大学生になってから、演劇サークルの人たちに誘われて、まあみんなで行くなら楽しいか、と思ってランドに行くことになった。なんだかんだ、4回目のランドだ。どちらかというと、「まあまあ行ったことある人」という分類に入るのではなかろうか。しかし、そこでもわたしはやはり「特にパレードが苦手」という認識を強めて終わった。
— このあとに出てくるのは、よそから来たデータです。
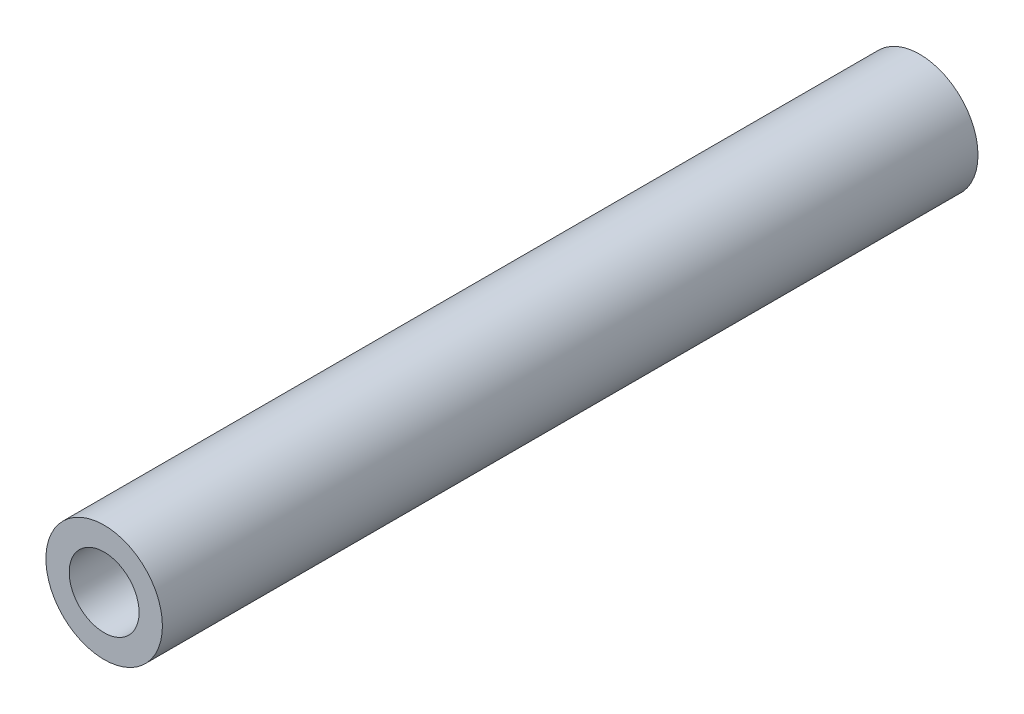
from build123d import *

# Parameters (mm, degrees)
SKETCH_1_R      = 2.5
SKETCH_1_R_2    = 1.5
EXTRUDE_1_DEPTH = 17.5


with BuildPart() as part:
    # 草图1 → 凸台-拉伸1 (new body, symmetric)
    with BuildSketch(Plane.XY):
        Circle(SKETCH_1_R)
        Circle(SKETCH_1_R_2, mode=Mode.SUBTRACT)
    extrude(amount=EXTRUDE_1_DEPTH, both=True)


solid = part.part

その後、裏方として参加したサークルの演劇公演で、OP曲としてディズニーランドのパレードの曲が使われることとなった。「これディズニーの曲だよ」と言われる前になんとなくわかった。それを聞いていると、あの胸騒ぎがするのだ。あの元気で明るい世界の曲だ。OPだったので、わりと長い時間しっかりとかかる曲だった。わたしはディズニーランドだけでなく、ディズニーのパレードだけでなく、ディズニーのパレード曲を聞くだけで気持ち悪くなるような根暗な人間なのか、と愕然とした。だが容赦なく練習のたび曲は流れ、わたしはなんとも言えない気持ち悪さ・息苦しさを感じながら、公演を終えた(さすがに途中からだんだんと慣れたが)。


この苦手感はなぜなんだろう

中学三年生のときから、わたしはなぜこんなふうに感じてしまうのか、他の子は楽しそうなのに、なぜ自分はこんなに苦手なのだろうか?と考えている。

明確な結論はないが、いくつかの推論はある。

①まずは、わたしがめちゃくちゃ根暗だから。

まずはというが、最終的には全てこれに収束しそうではある。わたしがめちゃくちゃ根暗なせいで、この「ハッピー!楽しい!かわいい!夢の国!」というコンセプトがそもそもダメなんじゃないだろうか、ということである。「ここに来たら誰でも夢の世界の住人!」んなわけあるかい、である。楽しい音楽も、全て嘘に聞こえてくる。この世界が偽物だということが、現実の世界の闇を色濃くさせる。だからこそ、いつもいる・安心だと思われる現実に戻りたくなる。過剰なハッピーが、わたしの心を揺さぶっているのだと思う。

②とにかく考えすぎ

とにかく考えすぎだ。今日もアトラクションに乗って「うーん、This is America」という感想を抱いていたし。ジェットコースターのようなもの以外は、ほとんどが「動く人形館」ではないか?その演出の派手さ・単純さが、わたしのイメージのアメリカそのものだ。それに、ことあるごとにインディアンだ。カリブだ。「いや、アメリカ人よ、そのインディアンやカリブにもともといた人たちを迫害して自分たちの土地にしたのはどこのどいつなんだい?そしてそれをこんな博物館×エンタメみたいなことにしていいのかい?今も受け継がれる負の遺産ではないのかい?」とか考えてしまうのだ。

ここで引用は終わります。